[7]Nieznajomy

157 12 3
                                    

Zdążyłam zrobić wszystko w godzinę, postanowiłam opuścić mieszkanie jak najszybciej w obawie przed ponowną wizytą niemieckich urzędników. Bałam się ich jak ognia choć walczyłam z nimi na co dzień.  Na szczęście nie miałam u siebie nic, co mogłoby kojarzyć się z konspiracją. Wiedziałam, że wszystkiego z tego domu nie zabiorę, dlatego wzięłam ze sobą tylko najpotrzebniejsze rzeczy oraz wspólne zdjęcie z rodzicami i zdjęcie Michała. Jeszcze raz stanęłam w progu i spojrzałam oględnie na to miejsce, pożegnałam się z nim. Ubrałam buty, płaszcz, zabrałam torebkę z rzeczami i wyszłam. Klucze zostawiłam u dozorcy. Poczciwy staruszek bardzo zdziwił się i zmartwił na wieść o mojej eksmisji. Pożegnał mnie serdecznie i pobłogosławił. Wyszłam z bramy ale przystanęłam już po paru krokach, robiło mi się słabo i ciemno przed oczyma. Mało co nie wypuściłam z rąk torby. Oparłam się o ścianę jednej z kamienic i wzięłam głęboki oddech.

-Proszę pani, czy wszystko w porządku?-zapytał mnie jakiś przechodzień. Był to wysoki brunet, na oko 25 lat, ubrany w beżowy płacz i brązowy beret. Podparł mnie, abym się nie przewróciła.

-Tak, zrobiło mi się tylko trochę słabo-wybełkotałam.

-Przecież jest pani cała rozpalona! Z tym trzeba do lekarza!

-Nic mi nie jest, przecież sobie poradzę...-przekonywałam młodego mężczyznę dalej, ale był nieugięty.

-Gdzie pani mieszka? Wezwę lekarza.

-Do dzisiaj mieszkałam tutaj-wskazałam mu palcem swoje, byłe już, miejsce zamieszkania.

-Co chce pani przez to powiedzieć... ?

-Dostałam nakaz eksmisji i nie bardzo mam się gdzie podziać. Ale niech pan się nie przejmuje, zaraz coś sobie znajdę.

-Nie, tak nie można. Zabiorę panią w bezpieczne miejsce. Pozwoli pani?-wszystko było mi już obojętne, skinęłam tylko głową. Nie miałam siły trzymać się na nogach. Pozwoliłam się zabrać w to "bezpieczne miejsce", o ile takowe gdziekolwiek istniało. Mój rozmówca zawołał rikszę, na której zaraz mnie usadził i dołączył do mnie. Przemierzaliśmy ulice Starego Miasta. Przymknęłam oczy, chciałam odpocząć. Mężczyzna co chwila popędzał chłopaka prowadzącego rikszę. A mi tak na prawdę donikąd się nie spieszyło, mogłabym tak jechać i jechać... Zaczęłam odpływać, moja głowa robiła się ciężka i opadała na ramię mężczyzny. Co prawda byłam świadoma wszystkiego co dzieje się wokół, ale moje ciało ogarnął całkowity bezwład, nie umiałam wydusić z siebie słowa, przez co wydawałam się nieobecna.

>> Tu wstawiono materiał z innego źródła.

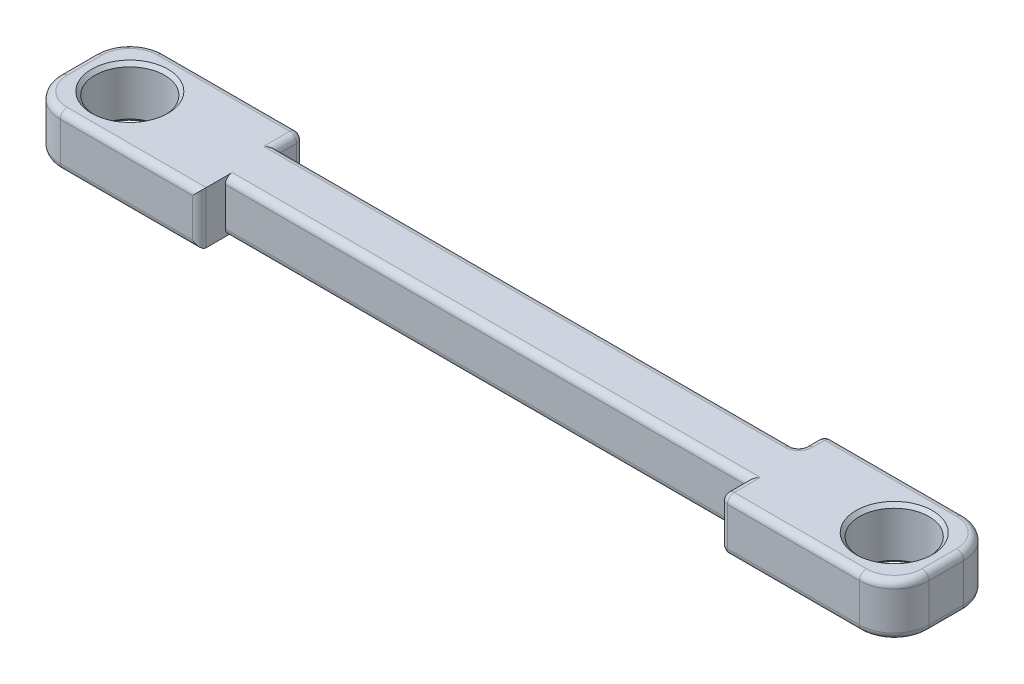
from build123d import *

# Parameters (mm, degrees)
BOSS_EXTRUDE1_DEPTH = 1.5
SKETCH2_R           = 1
CUT_EXTRUDE1_DEPTH  = 13.678722333
CHAMFER1_SIZE       = 0.1
FILLET1_R           = 0.2


with BuildPart() as part:
    # Sketch1 → Boss-Extrude1 (new body)
    with BuildSketch(Plane(origin=(0, 0, 0), x_dir=(1, 0, 0), z_dir=(0, 1, 0))):
        with BuildLine():
            Line((7.5, -0.75), (7.5, -1.5))
            Line((7.5, -1.5), (11.5, -1.5))
            ThreePointArc((11.5, -1.5), (12.207106781, -1.207106781), (12.5, -0.5))
            Line((12.5, -0.5), (12.5, 0.5))
            ThreePointArc((12.5, 0.5), (12.207106781, 1.207106781), (11.5, 1.5))
            Line((11.5, 1.5), (7.5, 1.5))
            Line((7.5, 1.5), (7.5, 0.75))
            Line((7.5, 0.75), (-7.5, 0.75))
            Line((-7.5, 0.75), (-7.5, 1.5))
            Line((-7.5, 1.5), (-11.5, 1.5))
            ThreePointArc((-11.5, 1.5), (-12.207106781, 1.207106781), (-12.5, 0.5))
            Line((-12.5, 0.5), (-12.5, -0.5))
            ThreePointArc((-12.5, -0.5), (-12.207106781, -1.207106781), (-11.5, -1.5))
            Line((-11.5, -1.5), (-7.5, -1.5))
            Line((-7.5, -1.5), (-7.5, -0.75))
            Line((-7.5, -0.75), (7.5, -0.75))
        make_face()
    extrude(amount=BOSS_EXTRUDE1_DEPTH)

    # Sketch2 → Cut-Extrude1 (cut, through all)
    with BuildSketch(Plane(origin=(0, 1.5, 0), x_dir=(1, 0, 0), z_dir=(0, 1, 0))):
        with Locations(Location((-11, 0, 0), (0, 0, 270))):
            Circle(SKETCH2_R)
        with Locations(Location((11, 0, 0), (0, 0, 270))):
            Circle(SKETCH2_R)
    extrude(amount=-CUT_EXTRUDE1_DEPTH, mode=Mode.SUBTRACT)

    # Chamfer1
    chamfer1_edges = [part.edges().sort_by_distance(p)[0] for p in [
        (-11, 0, -1),
        (-11, 1.5, -1),
        (11, 0, -1),
        (11, 1.5, -1),
    ]]
    chamfer(chamfer1_edges, length=CHAMFER1_SIZE)

    # Fillet1
    fillet1_edges = [part.edges().sort_by_distance(p)[0] for p in [
        (7.5, 0, 1.125),
        (7.5, 0, -1.125),
        (0, 0, 0.75),
        (12.5, 1.5, 0),
        (7.5, 1.5, 1.125),
        (0, 1.5, 0.75),
        (-12.5, 1.5, 0),
        (-7.5, 1.5, -1.125),
        (7.5, 1.5, -1.125),
        (-7.5, 0.75, -1.5),
        (-9.5, 1.5, -1.5),
        (-9.5, 0, -1.5),
        (7.5, 0.75, -0.75),
        (0, 1.5, -0.75),
        (0, 0, -0.75),
        (9.5, 1.5, -1.5),
        (7.5, 0.75, -1.5),
        (9.5, 0, -1.5),
        (-9.5, 1.5, 1.5),
        (-7.5, 0.75, 1.5),
        (-9.5, 0, 1.5),
        (7.5, 0.75, 1.5),
        (9.5, 1.5, 1.5),
        (9.5, 0, 1.5),
        (12.207106781, 0, -1.207106781),
        (12.5, 0, 0),
        (12.207106781, 0, 1.207106781),
        (12.207106781, 1.5, -1.207106781),
        (12.207106781, 1.5, 1.207106781),
        (-12.207106781, 0, 1.207106781),
        (-12.5, 0, 0),
        (-12.207106781, 0, -1.207106781),
        (-12.207106781, 1.5, 1.207106781),
        (-12.207106781, 1.5, -1.207106781),
    ]]
    fillet(fillet1_edges, radius=FILLET1_R)


solid = part.part
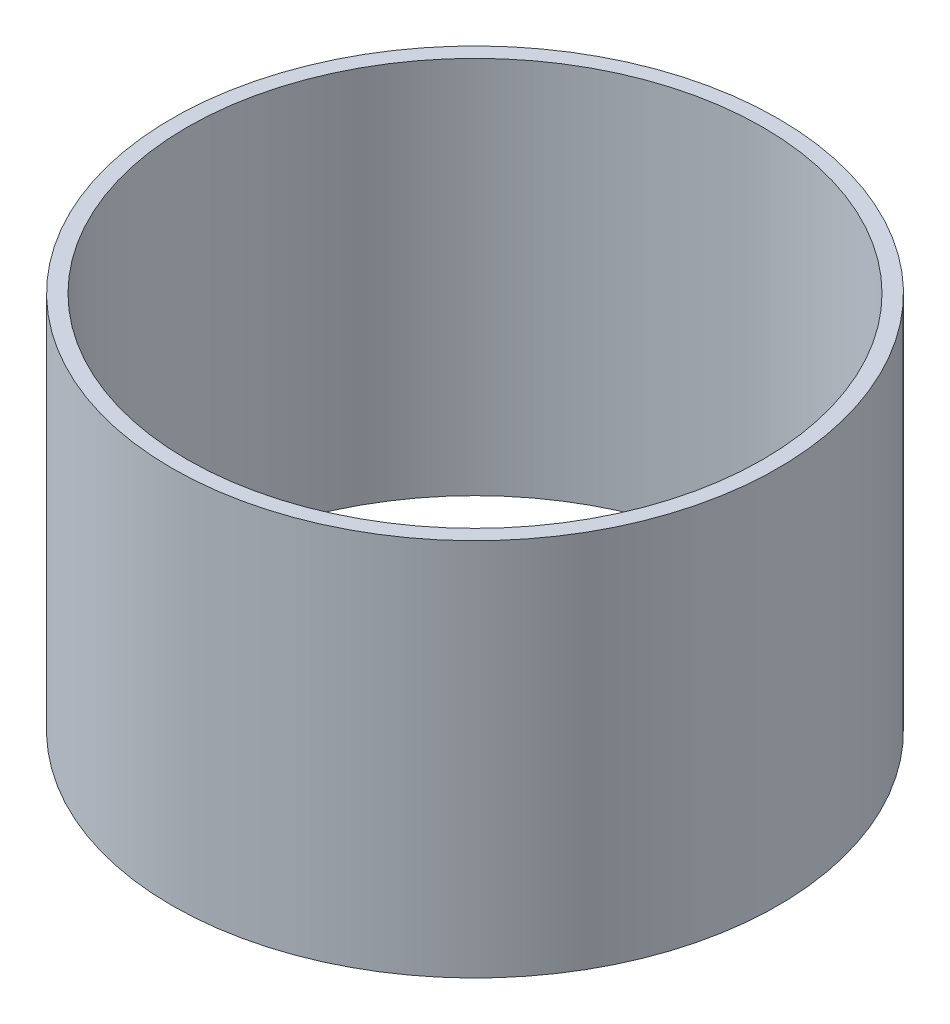
from build123d import *

# Parameters (mm, degrees)
SKETCH1_R           = 40
SKETCH1_R_2         = 38
BOSS_EXTRUDE1_DEPTH = 50


with BuildPart() as part:
    # Sketch1 → Boss-Extrude1 (new body)
    with BuildSketch(Plane(origin=(0, 0, 0), x_dir=(1, 0, 0), z_dir=(0, 1, 0))):
        with Locations(Location((0, 0, 0), (0, 0, 270))):
            Circle(SKETCH1_R)
        with Locations(Location((0, 0, 0), (0, 0, 270))):
            Circle(SKETCH1_R_2, mode=Mode.SUBTRACT)
    extrude(amount=BOSS_EXTRUDE1_DEPTH)


solid = part.part
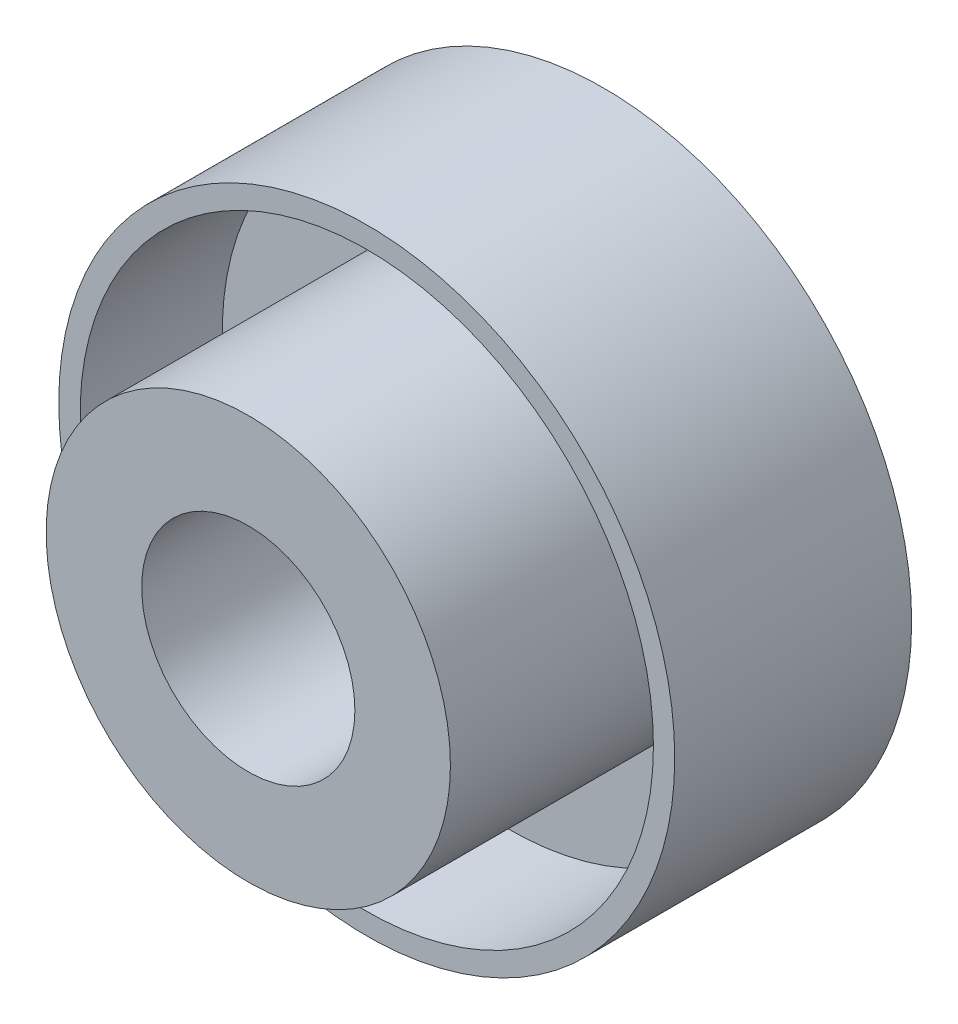
from build123d import *

# Parameters (mm, degrees)
SKETCH_1_R      = 12.1
SKETCH_1_R_2    = 8.531837724
EXTRUDE_1_DEPTH = 4
SKETCH_1_4_R    = 13
SKETCH_1_4_R_2  = 12.1
EXTRUDE_2_DEPTH = 10
SKETCH_1_5_R    = 8.531837724
SKETCH_1_5_R_2  = 4.5
EXTRUDE_3_DEPTH = 15


with BuildPart() as part:
    # Эскиз1 → Бобышка-Вытянуть1 (new body)
    with BuildSketch(Plane.XY):
        Circle(SKETCH_1_R)
        Circle(SKETCH_1_R_2, mode=Mode.SUBTRACT)
    extrude(amount=EXTRUDE_1_DEPTH)

    # Эскиз1<4> → Бобышка-Вытянуть2 (add)
    with BuildSketch(Plane.XY):
        Circle(SKETCH_1_4_R)
        Circle(SKETCH_1_4_R_2, mode=Mode.SUBTRACT)
    extrude(amount=EXTRUDE_2_DEPTH)

    # Эскиз1<5> → Бобышка-Вытянуть3 (add)
    with BuildSketch(Plane.XY):
        Circle(SKETCH_1_5_R)
        Circle(SKETCH_1_5_R_2, mode=Mode.SUBTRACT)
    extrude(amount=EXTRUDE_3_DEPTH)


solid = part.part

-Jesteśmy już na miejscu-usłyszałam, po czym kiwnęłam głową na znak, że zrozumiałam. Otworzyłam oczy, kojarzyłam to miejsce. Był to dobrze znany mi kościół przy Pieszej. Mężczyzna zapłacił rikszarzowi, wziął mnie w ramiona i zaniósł do zakrystii.

-Niech będzie pochwalony-przywitał się mężczyzna, którego imienia nadal nie znałam, a który prawdopodobnie uratował mi życie.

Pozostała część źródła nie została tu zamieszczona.